Best practices within a dental care setting have yet to be clearly established; however, the literature recommends a medical referral for capacity evaluation if the dentist is unsure of the patient’s ability to consent for treatment [9]. Accounting for older patients, in dental care settings, often declining additional information about treatment procedures, some scholars suggest geriatric patients should have 24 hours before any routine dental procedure to process the information provided in the consent forms [10]. Dentist and dental team members must be attuned to nonverbal cues from patients such as visible confusion and inconsistencies in the patient’s behavior, and if the patient’s decision-making capacity appears questionable, immediately involve family members or caregivers in the decision-making process [6].

Worth noting is the concept of geriatric assent, meaning agreement of someone not able to give legal consent to participate in the activity. Accounting for many of the same aforementioned challenges with informed consent and declining capacity, even garnering assent can be challenging. The geriatric assent process still involves the accumulating burden over time on caregivers who may choose to “shortcut” communication for the sake of decisional efficiency and expediency [11]. Despite office productivity goals and maximized efficiency, dentists and dental team members are ethically bound to promote assent, even when consent is unattainable or inconclusive. Promoting assent is a more proactive procedure than merely arranging for incompetent patients to passively abide by decisions for which they have had little or no input [11].

4 Elder Abuse, Evolving Technologies, and Changing Models of Care Delivery

Elder abuse is a multifaceted and pervasive public health issue, which includes physical, sexual, and emotional abuse, financial exploitation, and neglect (caregiver neglect and self-neglect) [12]. It is estimated that only a fraction of elder abuse cases actually come to the attention of adult protective services [13]. Two-thirds of physical abuse cases result in injuries to the head, neck, and/or mouth—areas visible to oral healthcare providers during examination and treatment [14, 15]. Dentists, dental hygienists, dental therapists, dental assistants, and all dental team members are in a unique position to detect elder abuse and neglect.
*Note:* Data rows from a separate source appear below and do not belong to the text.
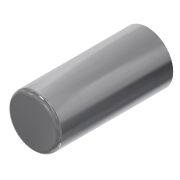
# Autodesk Inventor part: PP-15
Saved by Autodesk Inventor 2022 (Build 260148000, 148)
## iProperties
Created: 2008-09-23
Part Number: PP-15
Document SubType Name: Modeling
Designer: Mark Flayler
Mass: 1.1664 g
Surface Area: 5.5153 cm^2
Volume: 0.148586 cm^3
Density: 7.85 g/cm^3
Material: Steel
Description: ERASER CAP
Appearance: Aluminum - Polished
Author: Mark Flayler
Autodesk Inventor part; units mm, degrees
ref_plane "YZ Plane" through (0, 0, 0) normal (1, 0, 0) x (0, 1, 0)
ref_plane "XZ Plane" through (0, 0, 0) normal (0, 1, 0) x (-1, 0, 0)
ref_plane "XY Plane" through (0, 0, 0) normal (0, 0, 1) x (1, 0, 0)
sketch "Sketch1" plane through (0, 0, 0) normal (0, 0, 1) x (1, 0, 0)
  line L0 (0, 0) -> (0, 14)
  line L1 (0, 0) -> (0, 1)
  line L2 (0, 1) -> (2.65, 1)
  line L3 (2.65, 1) -> (2.65, 14)
  line L4 (2.65, 14) -> (3.15, 14)
  line L5 (3.15, 14) -> (3.15, 0)
  line L6 (3.15, 0) -> (0, 0)
  dimension "d0" = 5.3
  dimension "d1" = 6.3
  dimension "d2" = 13
  dimension "d3" = 14
  constraints: 14 end point, 3 parallel, 2 perpendicular, 1 horizontal alignment, 1 point on line, 1 vertical
  measures "d0" diameter of L3 L0
  measures "d1" diameter of L5 L0
  measures "d2" distance between parallel lines of L2 L4
  measures "d3" distance between parallel lines of L6 L4
revolve "Revolution1" add sketch "Sketch1" angle 360 about axis through (0, 0, 0) along (0, 1, 0)
fillet "Fillet1" radius 0.5 1 edges at (-3.15, 0, 0)
body "Solid1"
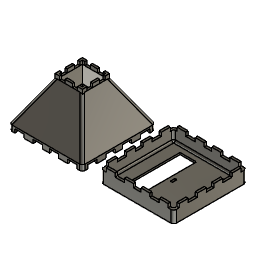
foot_v3 (Autodesk Fusion 360 design; units mm, degrees)
part number: 2025-04-30-06-45-22-033
part number: 2025-04-30-06-45-59-440
part number: 2025-04-30-06-58-08-671
Autodesk Fusion 360 part; units mm, degrees
note: some values were not read from the file. Set by a fixed rule: which sketch regions a step uses.
sketch "Sketch1" plane through (0, 0, 0) normal (0, 0, 1) x (1, 0, 0) in component "bottom_plate"
  line L0 (40, 40) -> (-40, 40)
  line L1 (-40, 40) -> (-40, -40)
  line L2 (-40, -40) -> (40, -40)
  line L3 (40, -40) -> (40, 40)
  line L4 (40, 40) -> (-40, -40) construction
  line L5 (-40, 40) -> (40, -40) construction
  dimension "d1" = 80
  dimension "d2" = 80
  constraint horizontal L0
  constraint perpendicular L0 L1
  constraint parallel L0 L2
  constraint parallel L1 L3
  constraint coincident L4 origin
  constraint coincident L5 origin
  measures "d1" distance of L1.end L2.end
  measures "d2" distance of L0.end L1.end
extrude "Extrude1" add sketch "Sketch1" along normal blind 2 makes body 1 in component "bottom_plate"
sketch "Sketch2" plane through (0, 0, 2) normal (0, 0, 1) x (-1, 0, 0) in component "bottom_plate"
  line L0 (-40, 40) -> (-40, -40)
  line L1 (-40, -40) -> (40, -40)
  line L2 (40, -40) -> (40, 40)
  line L3 (40, 40) -> (-40, 40)
  line L4 (1.1, 2.6) -> (-1.1, 2.6)
  line L5 (-1.1, 2.6) -> (-1.1, -2.6)
  line L6 (-1.1, -2.6) -> (1.1, -2.6)
  line L7 (1.1, -2.6) -> (1.1, 2.6)
  line L8 (1.1, 2.6) -> (-1.1, -2.6) construction
  line L9 (-1.1, 2.6) -> (1.1, -2.6) construction
  dimension "d5" = 2.2
  dimension "d6" = 5.2
  constraint horizontal L4
  constraint perpendicular L4 L5
  constraint parallel L4 L6
  constraint parallel L5 L7
  constraint coincident L8 origin
  constraint coincident L9 origin
  measures "d5" distance of L5.end L6.end
  measures "d6" distance of L4.end L5.end
extrude "Extrude2" cut sketch "Sketch2" against normal blind 2 contours L4 L5 L6 L7 bodies 1 in component "bottom_plate"
sketch "Sketch3" plane through (0, 0, 2) normal (0, 0, 1) x (-1, 0, 0) in component "bottom_plate"
  line L0 (-1.1, 2.6) -> (1.1, 2.6)
  line L1 (1.1, 2.6) -> (1.1, -2.6)
  line L2 (1.1, -2.6) -> (-1.1, -2.6)
  line L3 (-1.1, -2.6) -> (-1.1, 2.6)
  line L4 (-40, 40) -> (-40, -40)
  line L5 (-40, -40) -> (40, -40)
  line L6 (40, -40) -> (40, 40)
  line L7 (40, 40) -> (-40, 40)
  line L8 (40, 0) -> (23, 0) construction
  line L9 (40, -40) -> (23, -40) construction
  line L10 (23, -40) -> (23, -30) construction
  line L11 (23, 0) -> (14, 0) construction
  line L12 (23, -30) -> (5, -30)
  line L13 (5, -30) -> (5, 30)
  line L14 (5, 30) -> (23, 30)
  line L15 (23, 30) -> (23, -30)
  line L16 (23, -30) -> (5, 30) construction
  line L17 (5, -30) -> (23, 30) construction
  point P0 (14, 0)
  dimension "d9" = 17
  dimension "d10" = 17
  dimension "d11" = 10
  dimension "d12" = 9
  constraint midpoint L6 L8.start
  constraint perpendicular L4 L8
  constraint coincident L5.end L6.start
  constraint coincident L5 L9.end
  constraint perpendicular L5 L10
  constraint parallel L8 L11
  constraint horizontal L12
  constraint perpendicular L12 L13
  constraint parallel L12 L14
  constraint parallel L13 L15
  constraint coincident L16 P0
  constraint coincident L17 P0
  constraint coincident P0 L11.end
  measures "d9" distance of L8.start L8.end
  measures "d10" distance of L5.end L9.end
  measures "d11" distance of L9.end L10.end
  measures "d12" distance of L8.end P0
extrude "Extrude3" cut sketch "Sketch3" against normal blind 2 contours L12 L13 L14 L15 bodies 1 in component "bottom_plate"
sketch "Sketch1 (2)" plane through (0, 0, 0) normal (0, 0, 1) x (1, 0, 0) in component "top"
  line L0 (40, -40) -> (-40, -40)
  line L1 (-40, -40) -> (-40, 40)
  line L2 (-40, 40) -> (40, 40)
  line L3 (40, 40) -> (40, -40)
  constraint horizontal L0
  constraint vertical L1
  constraint horizontal L2
  constraint vertical L3
extrude "Extrude1'" add sketch "Sketch1 (2)" along normal blind 43.5 separate body makes body 2 in component "top"
ref_plane "WorkPlane1" through (0, 40, 0) normal (0, 1, 0) x (0, 0, 1) in component "top"
ref_plane "WorkPlane2" through (40, 0, 0) normal (1, 0, 0) x (0, 1, 0) in component "top"
sketch "Sketch2 (2)" plane through (0, 40, 0) normal (0, 1, 0) x (1, 0, 0) in component "top"
  line L0 (0, -43.5) -> (-15, -43.5) construction
  line L1 (-15, -43.5) -> (0, -43.5) construction
  line L2 (0, -43.5) -> (15, -43.5) construction
  line L3 (15, -43.5) -> (40, 0)
  line L4 (40, 0) -> (40, -43.5)
  line L5 (40, -43.5) -> (15, -43.5)
  line L6 (-15, -43.5) -> (-40, 0)
  line L7 (-40, 0) -> (-40, -43.5)
  line L8 (-40, -43.5) -> (-15, -43.5)
  dimension "d41" = 15
  dimension "d42" = 15
  constraint horizontal L0
  constraint parallel L0 L2
  constraint perpendicular L2 L4
  constraint perpendicular L4 L5
  constraint perpendicular L1 L7
  constraint perpendicular L7 L8
  measures "d41" distance of L0.start L0.end
  measures "d42" distance of L0.start L2.end
extrude "Extrude2'" cut sketch "Sketch2 (2)" against normal blind 80 bodies 2 in component "top"
sketch "Sketch3 (2)" plane through (40, 0, 0) normal (1, 0, 0) x (0, 1, 0) in component "top"
  line L0 (0, 43.5) -> (-15, 43.5) construction
  line L1 (0, 43.5) -> (15, 43.5) construction
  line L2 (15, 43.5) -> (40, 0)
  line L3 (40, 0) -> (40, 43.5)
  line L4 (40, 43.5) -> (15, 43.5)
  line L5 (-15, 43.5) -> (-40, 43.5)
  line L6 (-40, 43.5) -> (-40, 0)
  line L7 (-40, 0) -> (-15, 43.5)
  dimension "d45" = 15
  dimension "d46" = 15
  constraint horizontal L0
  constraint parallel L0 L1
  constraint perpendicular L1 L3
  constraint perpendicular L3 L4
  constraint parallel L0 L5
  constraint perpendicular L5 L6
  measures "d45" distance of L0.start L0.end
  measures "d46" distance of L0.start L1.end
extrude "Extrude3'" cut sketch "Sketch3 (2)" against normal blind 80 bodies 2 in component "top"
shell "Shell1" thickness 2 removed faces 2 at (13.3333, -13.3333, 0) at (5, -5, 43.5) on bodies 2 in component "top"
sketch "Sketch4" plane through (0, 0, 43.5) normal (0, 0, 1) x (-1, 0, 0) in component "top"
  line L0 (-12.6932, 12.6932) -> (12.6932, 12.6932)
  line L1 (12.6932, 12.6932) -> (12.6932, -12.6932)
  line L2 (12.6932, -12.6932) -> (-12.6932, -12.6932)
  line L3 (-12.6932, -12.6932) -> (-12.6932, 12.6932)
  line L4 (-15, -15) -> (15, -15)
  line L5 (15, -15) -> (15, 15)
  line L6 (15, 15) -> (-15, 15)
  line L7 (-15, 15) -> (-15, -15)
  line L8 (-15, 15) -> (15, 15) construction
  line L9 (15, 15) -> (15, 12.693) construction
  line L10 (15, 12.693) -> (-15, 12.693) construction
  line L11 (-15, 12.693) -> (-15, 15) construction
  line L12 (-15, 15) -> (-12.6932, 15) construction
  line L13 (-12.6932, 15) -> (-12.6932, -15) construction
  line L14 (-12.6932, -15) -> (-15, -15) construction
  line L15 (-15, -15) -> (-15, 15) construction
  line L16 (-15, 15) -> (-10, 15)
  line L17 (-10, 15) -> (-10, 12.693)
  line L18 (-10, 12.693) -> (-15, 12.693)
  line L19 (-15, 12.693) -> (-15, 15)
  line L20 (-10, 15) -> (-4, 15) construction
  line L21 (-4, 15) -> (-4, 12.6932) construction
  line L22 (-4, 12.6932) -> (-10, 12.6932) construction
  line L23 (-10, 12.6932) -> (-10, 15) construction
  line L24 (-4, 15) -> (0, 15)
  line L25 (0, 15) -> (0, 12.693)
  line L26 (0, 12.693) -> (-4, 12.693)
  line L27 (-4, 12.693) -> (-4, 15)
  line L28 (-15, 15) -> (-12.6932, 15)
  line L29 (-12.6932, 15) -> (-12.6932, 10)
  line L30 (-12.6932, 10) -> (-15, 10)
  line L31 (-15, 10) -> (-15, 15)
  line L32 (-15, 10) -> (-12.6932, 10) construction
  line L33 (-12.6932, 10) -> (-12.6932, 4) construction
  line L34 (-12.6932, 4) -> (-15, 4) construction
  line L35 (-15, 4) -> (-15, 10) construction
  line L36 (-15, 4) -> (-12.6932, 4)
  line L37 (-12.6932, 4) -> (-12.6932, 0)
  line L38 (-12.6932, 0) -> (-15, 0)
  line L39 (-15, 0) -> (-15, 4)
  dimension "d50" = 30
  dimension "d51" = 2.307
  dimension "d52" = 30
  dimension "d53" = 5
  dimension "d54" = 6
  dimension "d55" = 5
  dimension "d56" = 6
  constraint horizontal L8
  constraint vertical L9
  constraint horizontal L10
  constraint vertical L11
  constraint coincident L6.end L7.start
  constraint horizontal L12
  constraint vertical L13
  constraint horizontal L14
  constraint vertical L15
  constraint horizontal L16
  constraint vertical L17
  constraint horizontal L18
  constraint vertical L19
  constraint coincident L10 L17.end
  constraint horizontal L20
  constraint vertical L21
  constraint horizontal L22
  constraint vertical L23
  constraint coincident L0 L21.end
  constraint horizontal L24
  constraint vertical L25
  constraint horizontal L26
  constraint vertical L27
  constraint midpoint L10 L25.end
  constraint horizontal L28
  constraint vertical L29
  constraint horizontal L30
  constraint vertical L31
  constraint horizontal L32
  constraint vertical L33
  constraint horizontal L34
  constraint vertical L35
  constraint horizontal L36
  constraint vertical L37
  constraint horizontal L38
  constraint vertical L39
  constraint midpoint L13 L37.end
  measures "d50" distance of L6.end L5.end
  measures "d51" distance of L6.end L10.end
  measures "d52" distance of L6.end L4.start
  measures "d53" distance of L6.end L16.end
  measures "d54" distance of L16.end L20.end
  measures "d55" distance of L6.end L30.end
  measures "d56" distance of L30.end L34.end
extrude "Extrude4" add sketch "Sketch4" along normal blind 4 contours L0 L6 L16 L17 L18 L29 | L3 L7 L18 L29 L30 L31 | L6 L7 L16 L18 L19 L28 L29 L31 | L0 L6 L24 L25 L26 L27 | L3 L7 L36 L37 L38 L39 bodies 2 in component "top"
mirror "Mirror1" about plane through (0, 0, 0) normal (1, 0, 0) of "Extrude4" in component "top"
mirror "Mirror2" about plane through (0, 0, 0) normal (0, 1, 0) of "Extrude4", "Mirror1" in component "top"
sketch "Sketch6" plane through (0, 0, 2) normal (0, 0, 1) x (-1, 0, 0) in component "bottom_plate"
  line L0 (5, -30) -> (5, 30)
  line L1 (5, 30) -> (23, 30)
  line L2 (23, 30) -> (23, -30)
  line L3 (23, -30) -> (5, -30)
  line L4 (-1.1, 2.6) -> (1.1, 2.6)
  line L5 (1.1, 2.6) -> (1.1, -2.6)
  line L6 (1.1, -2.6) -> (-1.1, -2.6)
  line L7 (-1.1, -2.6) -> (-1.1, 2.6)
  line L8 (-40, 40) -> (-40, -40)
  line L9 (-40, -40) -> (40, -40)
  line L10 (40, -40) -> (40, 40)
  line L11 (40, 40) -> (-40, 40)
  line L12 (-40, 40) -> (40, 40)
  line L13 (40, 40) -> (40, 37.5)
  line L14 (40, 37.5) -> (-40, 37.5)
  line L15 (-40, 37.5) -> (-40, 40)
  line L16 (-40, 40) -> (-37.5, 40)
  line L17 (-37.5, 40) -> (-37.5, -40)
  line L18 (-37.5, -40) -> (-40, -40)
  line L19 (-40, -40) -> (-40, 40)
  line L20 (-40, -40) -> (40, -40)
  line L21 (40, -40) -> (40, -37.5)
  line L22 (40, -37.5) -> (-40, -37.5)
  line L23 (-40, -37.5) -> (-40, -40)
  line L24 (40, -40) -> (37.5, -40)
  line L25 (37.5, -40) -> (37.5, 40)
  line L26 (37.5, 40) -> (40, 40)
  line L27 (40, 40) -> (40, -40)
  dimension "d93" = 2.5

As the practice of dentistry advances technologically, there arises an increased need to garner an ethical perspective as it relates to new and evolving treatment modalities. With the overwhelming increases and availability of both implants and digital dentistry, appropriating an ethical lens is necessary. Scholars have formulated an ethical framework for “responsibly practiced implantology” [16]. Among issues noted are supposed prevalence in potential placement of implants as a rationale for tooth extraction. This concept is specifically guarded against in that there is concerted effort in retaining natural dentition. “The mere option of replacing the tooth with an implant should not be the leading factor in the decision of whether or not to extract a tooth” [17].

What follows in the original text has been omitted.